'''

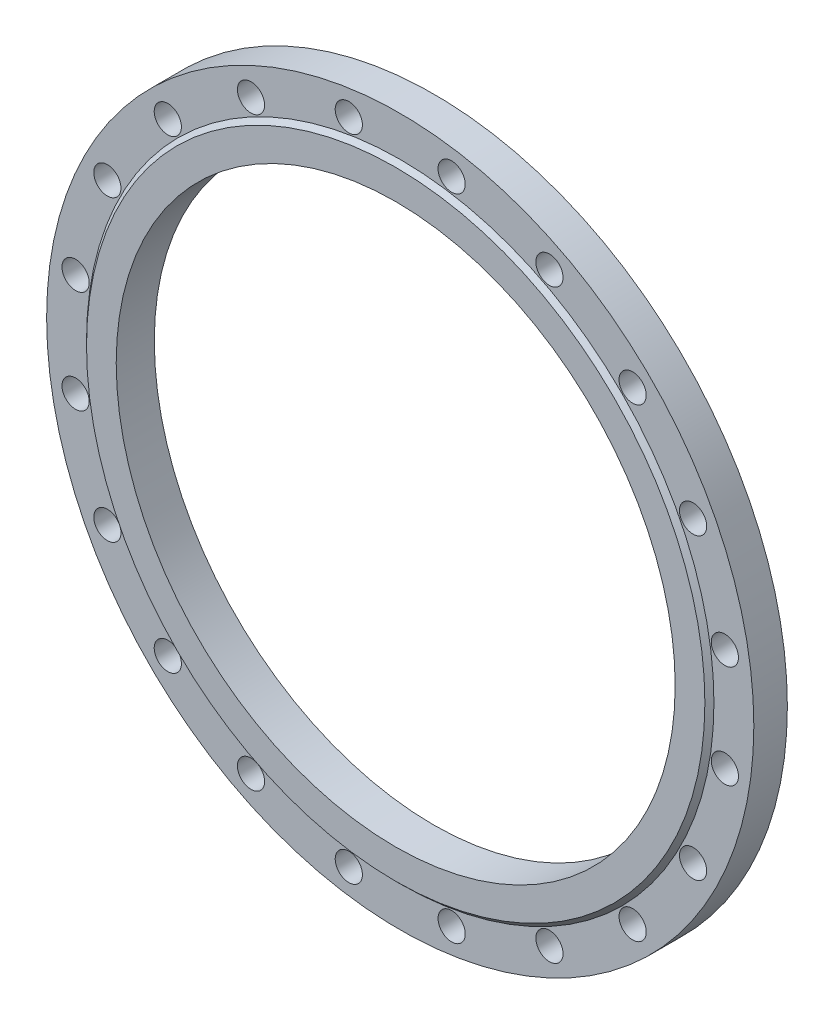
ISO-10303-21;
HEADER;
FILE_DESCRIPTION(('STEP AP214'),'2;1');
FILE_NAME('part.step','',(''),(''),'','','');
FILE_SCHEMA(('AUTOMOTIVE_DESIGN { 1 0 10303 214 1 1 1 1 }'));
ENDSEC;
DATA;
#1=APPLICATION_CONTEXT('core data for automotive mechanical design processes');
#2=APPLICATION_PROTOCOL_DEFINITION('international standard','automotive_design',2000,#1);
#3=PRODUCT_CONTEXT('',#1,'mechanical');
#4=PRODUCT('Part','Part','',(#3));
#5=PRODUCT_RELATED_PRODUCT_CATEGORY('part','',(#4));
#6=PRODUCT_DEFINITION_FORMATION('','',#4);
#7=PRODUCT_DEFINITION_CONTEXT('part definition',#1,'design');
#8=PRODUCT_DEFINITION('design','',#6,#7);
#9=PRODUCT_DEFINITION_SHAPE('','',#8);
#10=(LENGTH_UNIT() NAMED_UNIT(*) SI_UNIT(.MILLI.,.METRE.));
#11=(NAMED_UNIT(*) PLANE_ANGLE_UNIT() SI_UNIT($,.RADIAN.));
#12=(NAMED_UNIT(*) SI_UNIT($,.STERADIAN.) SOLID_ANGLE_UNIT());
#13=UNCERTAINTY_MEASURE_WITH_UNIT(LENGTH_MEASURE(1.E-05),#10,'distance_accuracy_value','');
#14=(GEOMETRIC_REPRESENTATION_CONTEXT(3) GLOBAL_UNCERTAINTY_ASSIGNED_CONTEXT((#13)) GLOBAL_UNIT_ASSIGNED_CONTEXT((#10,
#11,#12)) REPRESENTATION_CONTEXT('',''));
#15=CARTESIAN_POINT('',(0.,0.,0.));
#16=DIRECTION('',(0.,0.,1.));
#17=DIRECTION('',(1.,0.,0.));
#18=AXIS2_PLACEMENT_3D('',#15,#16,#17);
#19=CARTESIAN_POINT('',(0.,390.,-13.));
#20=DIRECTION('',(0.,0.,-1.));
#21=DIRECTION('',(-1.,0.,0.));
#22=AXIS2_PLACEMENT_3D('',#19,#20,#21);
#23=PLANE('',#22);
#24=CARTESIAN_POINT('',(322.989865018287,164.571556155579,-13.));
#25=DIRECTION('',(0.,0.,1.));
#26=DIRECTION('',(1.,0.,0.));
#27=AXIS2_PLACEMENT_3D('',#24,#25,#26);
#28=CIRCLE('',#27,15.0000000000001);
#29=CARTESIAN_POINT('',(337.989865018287,164.571556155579,-13.));
#30=VERTEX_POINT('',#29);
#31=EDGE_CURVE('E166',#30,#30,#28,.T.);
#32=ORIENTED_EDGE('',*,*,#31,.T.);
#33=EDGE_LOOP('',(#32));
#34=FACE_BOUND('',#33,.T.);
#35=CARTESIAN_POINT('',(256.326208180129,256.326208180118,-13.));
#36=DIRECTION('',(0.,0.,1.));
#37=DIRECTION('',(1.,0.,0.));
#38=AXIS2_PLACEMENT_3D('',#35,#36,#37);
#39=CIRCLE('',#38,15.);
#40=CARTESIAN_POINT('',(271.326208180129,256.326208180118,-13.));
#41=VERTEX_POINT('',#40);
#42=EDGE_CURVE('E160',#41,#41,#39,.T.);
#43=ORIENTED_EDGE('',*,*,#42,.T.);
#44=EDGE_LOOP('',(#43));
#45=FACE_BOUND('',#44,.T.);
#46=CARTESIAN_POINT('',(164.571556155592,322.98986501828,-13.));
#47=DIRECTION('',(0.,0.,1.));
#48=DIRECTION('',(1.,0.,0.));
#49=AXIS2_PLACEMENT_3D('',#46,#47,#48);
#50=CIRCLE('',#49,15.);
#51=CARTESIAN_POINT('',(179.571556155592,322.98986501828,-13.));
#52=VERTEX_POINT('',#51);
#53=EDGE_CURVE('E154',#52,#52,#50,.T.);
#54=ORIENTED_EDGE('',*,*,#53,.T.);
#55=EDGE_LOOP('',(#54));
#56=FACE_BOUND('',#55,.T.);
#57=CARTESIAN_POINT('',(56.7074935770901,358.037023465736,-13.));
#58=DIRECTION('',(0.,0.,1.));
#59=DIRECTION('',(1.,0.,0.));
#60=AXIS2_PLACEMENT_3D('',#57,#58,#59);
#61=CIRCLE('',#60,15.);
#62=CARTESIAN_POINT('',(71.7074935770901,358.037023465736,-13.));
#63=VERTEX_POINT('',#62);
#64=EDGE_CURVE('E148',#63,#63,#61,.T.);
#65=ORIENTED_EDGE('',*,*,#64,.T.);
#66=EDGE_LOOP('',(#65));
#67=FACE_BOUND('',#66,.T.);
#68=CARTESIAN_POINT('',(-56.7074935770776,358.037023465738,-13.));
#69=DIRECTION('',(0.,0.,1.));
#70=DIRECTION('',(1.,0.,0.));
#71=AXIS2_PLACEMENT_3D('',#68,#69,#70);
#72=CIRCLE('',#71,15.);
#73=CARTESIAN_POINT('',(-41.7074935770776,358.037023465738,-13.));
#74=VERTEX_POINT('',#73);
#75=EDGE_CURVE('E142',#74,#74,#72,.T.);
#76=ORIENTED_EDGE('',*,*,#75,.T.);
#77=EDGE_LOOP('',(#76));
#78=FACE_BOUND('',#77,.T.);
#79=CARTESIAN_POINT('',(-164.571556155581,322.989865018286,-13.));
#80=DIRECTION('',(0.,0.,1.));
#81=DIRECTION('',(1.,0.,0.));
#82=AXIS2_PLACEMENT_3D('',#79,#80,#81);
#83=CIRCLE('',#82,15.);
#84=CARTESIAN_POINT('',(-149.571556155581,322.989865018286,-13.));
#85=VERTEX_POINT('',#84);
#86=EDGE_CURVE('E136',#85,#85,#83,.T.);
#87=ORIENTED_EDGE('',*,*,#86,.T.);
#88=EDGE_LOOP('',(#87));
#89=FACE_BOUND('',#88,.T.);
#90=CARTESIAN_POINT('',(-256.326208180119,256.326208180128,-13.));
#91=DIRECTION('',(0.,0.,1.));
#92=DIRECTION('',(1.,0.,0.));
#93=AXIS2_PLACEMENT_3D('',#90,#91,#92);
#94=CIRCLE('',#93,15.);
#95=CARTESIAN_POINT('',(-241.326208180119,256.326208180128,-13.));
#96=VERTEX_POINT('',#95);
#97=EDGE_CURVE('E130',#96,#96,#94,.T.);
#98=ORIENTED_EDGE('',*,*,#97,.T.);
#99=EDGE_LOOP('',(#98));
#100=FACE_BOUND('',#99,.T.);
#101=CARTESIAN_POINT('',(-322.989865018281,164.571556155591,-13.));
#102=DIRECTION('',(0.,0.,1.));
#103=DIRECTION('',(1.,0.,0.));
#104=AXIS2_PLACEMENT_3D('',#101,#102,#103);
#105=CIRCLE('',#104,15.);
#106=CARTESIAN_POINT('',(-307.989865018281,164.571556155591,-13.));
#107=VERTEX_POINT('',#106);
#108=EDGE_CURVE('E124',#107,#107,#105,.T.);
#109=ORIENTED_EDGE('',*,*,#108,.T.);
#110=EDGE_LOOP('',(#109));
#111=FACE_BOUND('',#110,.T.);
#112=CARTESIAN_POINT('',(-358.037023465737,56.7074935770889,-13.));
#113=DIRECTION('',(0.,0.,1.));
#114=DIRECTION('',(1.,0.,0.));
#115=AXIS2_PLACEMENT_3D('',#112,#113,#114);
#116=CIRCLE('',#115,15.0000000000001);
#117=CARTESIAN_POINT('',(-343.037023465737,56.7074935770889,-13.));
#118=VERTEX_POINT('',#117);
#119=EDGE_CURVE('E118',#118,#118,#116,.T.);
#120=ORIENTED_EDGE('',*,*,#119,.T.);
#121=EDGE_LOOP('',(#120));
#122=FACE_BOUND('',#121,.T.);
#123=CARTESIAN_POINT('',(-358.037023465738,-56.7074935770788,-13.));
#124=DIRECTION('',(0.,0.,1.));
#125=DIRECTION('',(1.,0.,0.));
#126=AXIS2_PLACEMENT_3D('',#123,#124,#125);
#127=CIRCLE('',#126,15.);
#128=CARTESIAN_POINT('',(-343.037023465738,-56.7074935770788,-13.));
#129=VERTEX_POINT('',#128);
#130=EDGE_CURVE('E112',#129,#129,#127,.T.);
#131=ORIENTED_EDGE('',*,*,#130,.T.);
#132=EDGE_LOOP('',(#131));
#133=FACE_BOUND('',#132,.T.);
#134=CARTESIAN_POINT('',(-322.989865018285,-164.571556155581,-13.));
#135=DIRECTION('',(0.,0.,1.));
#136=DIRECTION('',(1.,0.,0.));
#137=AXIS2_PLACEMENT_3D('',#134,#135,#136);
#138=CIRCLE('',#137,15.);
#139=CARTESIAN_POINT('',(-307.989865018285,-164.571556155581,-13.));
#140=VERTEX_POINT('',#139);
#141=EDGE_CURVE('E106',#140,#140,#138,.T.);
#142=ORIENTED_EDGE('',*,*,#141,.T.);
#143=EDGE_LOOP('',(#142));
#144=FACE_BOUND('',#143,.T.);
#145=CARTESIAN_POINT('',(-256.326208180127,-256.32620818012,-13.));
#146=DIRECTION('',(0.,0.,1.));
#147=DIRECTION('',(1.,0.,0.));
#148=AXIS2_PLACEMENT_3D('',#145,#146,#147);
#149=CIRCLE('',#148,15.);
#150=CARTESIAN_POINT('',(-241.326208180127,-256.32620818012,-13.));
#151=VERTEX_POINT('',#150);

'''

Your answer must be the line containing "#116=CIRCLE('',#115,15.0000000000001);" through the last line above, copied exactly, with nothing added.

§ **Exercise solution**
#116=CIRCLE('',#115,15.0000000000001);
#117=CARTESIAN_POINT('',(-343.037023465737,56.7074935770889,-13.));
#118=VERTEX_POINT('',#117);
#119=EDGE_CURVE('E118',#118,#118,#116,.T.);
#120=ORIENTED_EDGE('',*,*,#119,.T.);
#121=EDGE_LOOP('',(#120));
#122=FACE_BOUND('',#121,.T.);
#123=CARTESIAN_POINT('',(-358.037023465738,-56.7074935770788,-13.));
#124=DIRECTION('',(0.,0.,1.));
#125=DIRECTION('',(1.,0.,0.));
#126=AXIS2_PLACEMENT_3D('',#123,#124,#125);
#127=CIRCLE('',#126,15.);
#128=CARTESIAN_POINT('',(-343.037023465738,-56.7074935770788,-13.));
#129=VERTEX_POINT('',#128);
#130=EDGE_CURVE('E112',#129,#129,#127,.T.);
#131=ORIENTED_EDGE('',*,*,#130,.T.);
#132=EDGE_LOOP('',(#131));
#133=FACE_BOUND('',#132,.T.);
#134=CARTESIAN_POINT('',(-322.989865018285,-164.571556155581,-13.));
#135=DIRECTION('',(0.,0.,1.));
#136=DIRECTION('',(1.,0.,0.));
#137=AXIS2_PLACEMENT_3D('',#134,#135,#136);
#138=CIRCLE('',#137,15.);
#139=CARTESIAN_POINT('',(-307.989865018285,-164.571556155581,-13.));
#140=VERTEX_POINT('',#139);
#141=EDGE_CURVE('E106',#140,#140,#138,.T.);
#142=ORIENTED_EDGE('',*,*,#141,.T.);
#143=EDGE_LOOP('',(#142));
#144=FACE_BOUND('',#143,.T.);
#145=CARTESIAN_POINT('',(-256.326208180127,-256.32620818012,-13.));
#146=DIRECTION('',(0.,0.,1.));
#147=DIRECTION('',(1.,0.,0.));
#148=AXIS2_PLACEMENT_3D('',#145,#146,#147);
#149=CIRCLE('',#148,15.);
#150=CARTESIAN_POINT('',(-241.326208180127,-256.32620818012,-13.));
#151=VERTEX_POINT('',#150);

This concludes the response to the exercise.